Yeah mine can go straight on charge and you can borrow it for the thursday mate. Only small problem is I dont expect that the battery will do the full 36 so you may have to nurse it round a little bit


----------



## MKDave (Mar 19, 2013)

fundy said:



			Yeah mine can go straight on charge and you can borrow it for the thursday mate. Only small problem is I dont expect that the battery will do the full 36 so you may have to nurse it round a little bit
		
Click to expand...

Legend, do I have to use the cart bag or could I get away with shoving mine on there?


----------



## fundy (Mar 19, 2013)

MKDave said:



			Legend, do I have to use the cart bag or could I get away with shoving mine on there?
		
Click to expand...

It will take any cart bag as long as I remember to put the plastic bits back on after using it on the Wednesday


----------



## MKDave (Mar 19, 2013)

fundy said:



			It will take any cart bag as long as I remember to put the plastic bits back on after using it on the Wednesday 

Click to expand...

Oh I meant my normal bag ha!


----------



## fundy (Mar 19, 2013)

MKDave said:



			Oh I meant my normal bag ha!
		
Click to expand...

that too


----------



## MKDave (Mar 19, 2013)

fundy said:



			that too 

Click to expand...

"did you ever know that you're my heroooooo"


----------



## full_throttle (Mar 21, 2013)

*THURSDAY*
First tee-time 0745
1) *0745* full_throttle,  bigfoot,  sybez,  
2) *0753* pieman,  rickg,  pieman guest
3) *0801* valentino,  fozzie,  myoung19, paddyc,
4) *0809* captain ron,  socky,  el bandito,  swingalot
5) *0817* hobbit,  wookie guest, wookie,  scienceboy
6) *0825* sev112,  mkdave,  rob2,  pbrown7582



Gentlemen, unfortunately we have ha a couple of last minute drop outs, so I have changed the running order, instead of 6x4 I am sending out 2x3 and 4x4 groups.

Apologies for any inconvienience


----------



## paddyc (Mar 23, 2013)

No problem FT

Not sure whether we are playing the Duchess or Marquess in the morning on Thursday as seeking some advice on using my Go Kart as I don't have a 36 hole battery, so don't think it will do two rounds in one day. Would the best thing be to use my GK on one particular course and carry on the other.
What are you other guys doing who are taking electric trolleys?


----------



## full_throttle (Mar 23, 2013)

the Maquiss is played in the morning, it's 6300yards, the duchess is measured at 6442. maybe a good idea too use the trolley in the afernoon to help with the energy levels


----------



## RichardC (Mar 23, 2013)

Last year I used mine and it was fine for 36.

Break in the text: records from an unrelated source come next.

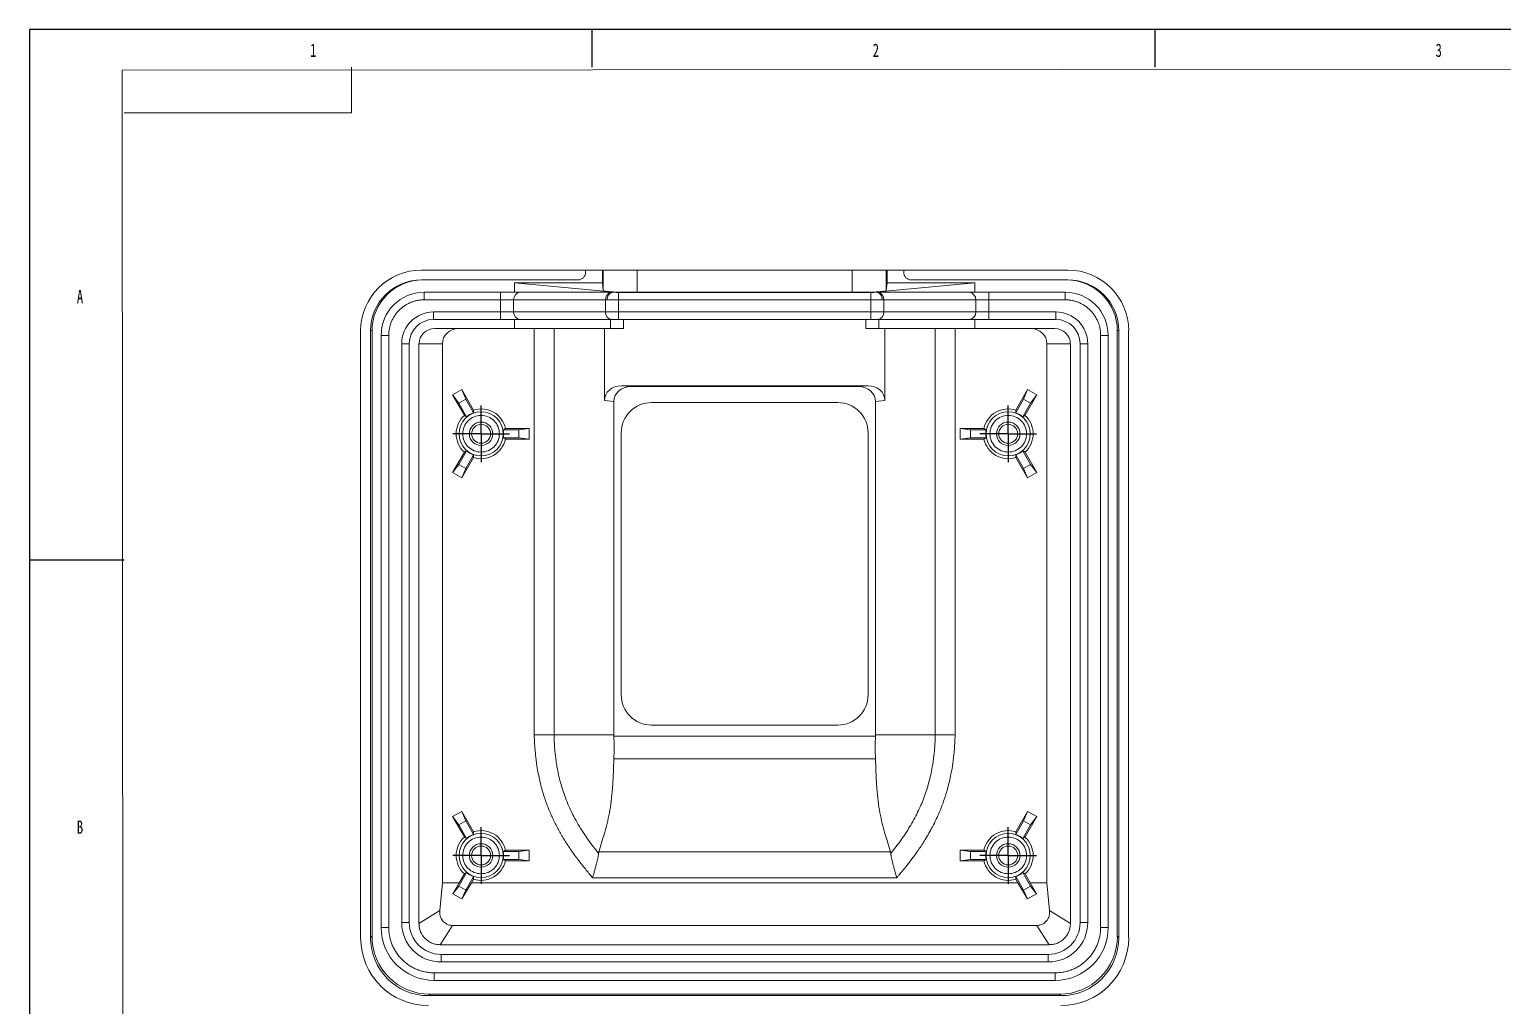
# Model space of a CAD drawing. Header units: millimetres. Extents: x 0 to 1189, y 0 to 841.
# Drawn here: x 0 to 389, y 583.1 to 841 of the extents above; entities that cross this region are included whole.
import ezdxf

# ---------------------------------------------------------------- set-up
doc = ezdxf.new("R2010")
doc.units = ezdxf.units.MM
for name, color, linetype in [('10', 7, 'Continuous'), ('5', 7, 'Continuous'), ('9', 7, 'Continuous')]:
    doc.layers.add(name, color=color, linetype=linetype)
doc.styles.add('SLDTEXTSTYLE0', font='TXT', dxfattribs={"width": 0.7})

# ---------------------------------------------------------------- blocks, each defined once
blk = doc.blocks.new('SW_CENTERMARKSYMBOL_0')
at = {"layer": '10', "color": 0}
for p, q in [((0, 5), (0, 7.5)), ((0, 0), (0, 5)), ((-5, 0), (-7.5, 0)), ((0, 0), (-5, 0)), ((0, 0), (0, -5)), ((0, 0), (5, 0)), ((5, 0), (7.5, 0)), ((0, -5), (0, -7.5))]:
    blk.add_line(p, q, dxfattribs=at)
blk = doc.blocks.new('SW_CENTERMARKSYMBOL_1')
at = {"layer": '10', "color": 0}
for p, q in [((0, 5), (0, 7.5)), ((0, 0), (0, 5)), ((-5, 0), (-7.5, 0)), ((0, 0), (-5, 0)), ((0, 0), (0, -5)), ((0, 0), (5, 0)), ((5, 0), (7.5, 0)), ((0, -5), (0, -7.5))]:
    blk.add_line(p, q, dxfattribs=at)
blk = doc.blocks.new('SW_CENTERMARKSYMBOL_2')
at = {"layer": '10', "color": 0}
for p, q in [((0, 5), (0, 7.5)), ((0, 0), (0, 5)), ((-5, 0), (-7.5, 0)), ((0, 0), (-5, 0)), ((0, 0), (0, -5)), ((0, 0), (5, 0)), ((5, 0), (7.5, 0)), ((0, -5), (0, -7.5))]:
    blk.add_line(p, q, dxfattribs=at)
blk = doc.blocks.new('SW_CENTERMARKSYMBOL_3')
at = {"layer": '10', "color": 0}
for p, q in [((0, 5), (0, 7.5)), ((0, 0), (0, 5)), ((-5, 0), (-7.5, 0)), ((0, 0), (-5, 0)), ((0, 0), (0, -5)), ((0, 0), (5, 0)), ((5, 0), (7.5, 0)), ((0, -5), (0, -7.5))]:
    blk.add_line(p, q, dxfattribs=at)

msp = doc.modelspace()

# ---------------------------------------------------------------- linework, layer by layer
at = {"color": 7, "linetype": 'Continuous', "lineweight": 15}
for p, q in [((103.55, 777.43), (146.86, 777.43)), ((103.55, 774.83), (144.86, 774.83)), ((146.86, 776.83), (146.86, 777.43)), ((146.86, 777.43), (151.28, 777.43)), ((151.28, 774.02), (151.28, 777.43)), ((151.28, 777.43), (151.48, 777.43)), ((151.48, 772.03), (151.48, 777.43)), ((151.48, 777.43), (160.48, 777.43)), ((160.48, 771.56), (160.48, 777.43)), ((160.48, 777.43), (217.25, 777.43)), ((217.25, 771.56), (217.25, 777.43)), ((217.25, 777.43), (226.25, 777.43)), ((226.25, 772.03), (226.25, 777.43)), ((226.25, 777.43), (226.45, 777.43)), ((226.45, 777.43), (226.45, 774.02)), ((226.45, 777.43), (230.86, 777.43)), ((230.86, 777.43), (274.18, 777.43)), ((230.86, 777.43), (230.86, 776.83)), ((232.86, 774.83), (274.18, 774.83)), ((104.26, 771.58), (128.09, 771.58)), ((104.26, 771.58), (104.26, 769.58)), ((124.37, 771.58), (124.37, 769.58)), ((128.09, 774.02), (154.5, 771.58)), ((128.09, 774.02), (151.28, 774.02)), ((128.09, 771.58), (128.09, 774.02)), ((128.09, 771.58), (154.5, 771.58)), ((151.48, 772.03), (151.28, 774.02)), ((155.56, 771.54), (222.16, 771.54)), ((155.56, 769.54), (155.56, 771.54)), ((217.25, 771.56), (160.48, 771.56)), ((222.16, 771.54), (222.16, 769.54)), ((223.23, 771.58), (249.63, 774.02)), ((223.23, 771.58), (249.63, 771.58)), ((226.45, 774.02), (226.25, 772.03)), ((226.45, 774.02), (249.63, 774.02)), ((249.63, 774.02), (249.63, 771.58)), ((249.63, 771.58), (273.46, 771.58)), ((253.36, 771.58), (253.36, 769.58)), ((273.46, 769.58), (273.46, 771.58)), ((124.37, 769.58), (104.26, 769.58)), ((106.69, 766.38), (106.69, 764.38)), ((124.37, 766.38), (106.69, 766.38)), ((127.85, 769.58), (124.37, 769.58)), ((124.37, 769.58), (124.37, 766.38)), ((124.37, 766.38), (124.37, 764.38)), ((124.37, 766.38), (127.85, 766.38)), ((127.85, 766.38), (127.85, 769.58)), ((152.09, 769.58), (127.85, 769.58)), ((152.09, 766.38), (127.85, 766.38)), ((152.09, 766.38), (152.09, 769.58)), ((152.09, 769.58), (152.54, 769.58)), ((155.56, 766.38), (152.09, 766.38)), ((155.56, 766.38), (155.56, 769.54)), ((222.16, 769.54), (155.56, 769.54)), ((155.56, 764.38), (155.56, 766.38)), ((222.16, 766.38), (155.56, 766.38)), ((222.16, 766.38), (222.16, 769.54)), ((222.16, 766.38), (222.16, 764.38)), ((225.64, 766.38), (222.16, 766.38)), ((225.19, 769.58), (225.64, 769.58)), ((249.88, 769.58), (225.64, 769.58)), ((225.64, 766.38), (225.64, 769.58)), ((249.88, 766.38), (225.64, 766.38)), ((253.36, 769.58), (249.88, 769.58)), ((249.88, 769.58), (249.88, 766.38)), ((249.88, 766.38), (253.36, 766.38)), ((273.46, 769.58), (253.36, 769.58)), ((253.36, 766.38), (253.36, 769.58)), ((253.36, 764.38), (253.36, 766.38)), ((271.04, 766.38), (253.36, 766.38)), ((271.04, 766.38), (271.04, 764.38)), ((106.69, 764.38), (128.09, 764.38)), ((128.09, 761.98), (128.09, 764.38)), ((128.09, 764.38), (153.43, 764.38)), ((153.43, 761.98), (153.43, 764.38)), ((153.43, 764.38), (156.91, 764.38)), ((156.91, 761.98), (156.91, 764.38)), ((156.91, 764.38), (220.82, 764.38)), ((220.82, 761.98), (220.82, 764.38)), ((220.82, 764.38), (224.3, 764.38)), ((224.3, 764.38), (249.63, 764.38)), ((224.3, 761.98), (224.3, 764.38)), ((249.63, 764.38), (249.63, 761.98)), ((249.63, 764.38), (271.04, 764.38)), ((87.46, 761.43), (87.46, 601.03)), ((90.08, 601.06), (90.08, 761.43)), ((90.46, 761.43), (90.08, 761.43)), ((90.46, 761.43), (90.46, 601.44)), ((92.86, 603.78), (92.86, 760.18)), ((94.86, 760.18), (92.86, 760.18)), ((94.86, 760.18), (94.86, 603.78)), ((107.05, 761.98), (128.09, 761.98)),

It is fairly flat so you have the opportunity to push of power for small periods to save the battery.


----------



## Swingalot (Mar 23, 2013)

Hate to be the merchant of doom, but with snow falling this weekend and the temp not forecasted to warm up next week, surely we are under threat of losing this meet?
Can someone who lives near the course please come on and tell me to stop being an old worry bags!


----------



## pbrown7582 (Mar 23, 2013)

i would imagine at least a trolley ban possible if the courses are open which isnt going to aid 36 holes....


----------



## chrisd (Mar 23, 2013)

pbrown7582 said:



			i would imagine at least a trolley ban possible if the courses are open which isnt going to aid 36 holes....
		
Click to expand...

I rang them a couple of days ago and the pro shop said that my electric trolley would definitely be ok


----------



## Fish (Mar 23, 2013)

Not the greatest weather to see a few days before this well organised meet, it will take a good few days to thaw which possibly won't start until late Monday/Tuesday and then it needs to drain, do you guys have a plan "B"?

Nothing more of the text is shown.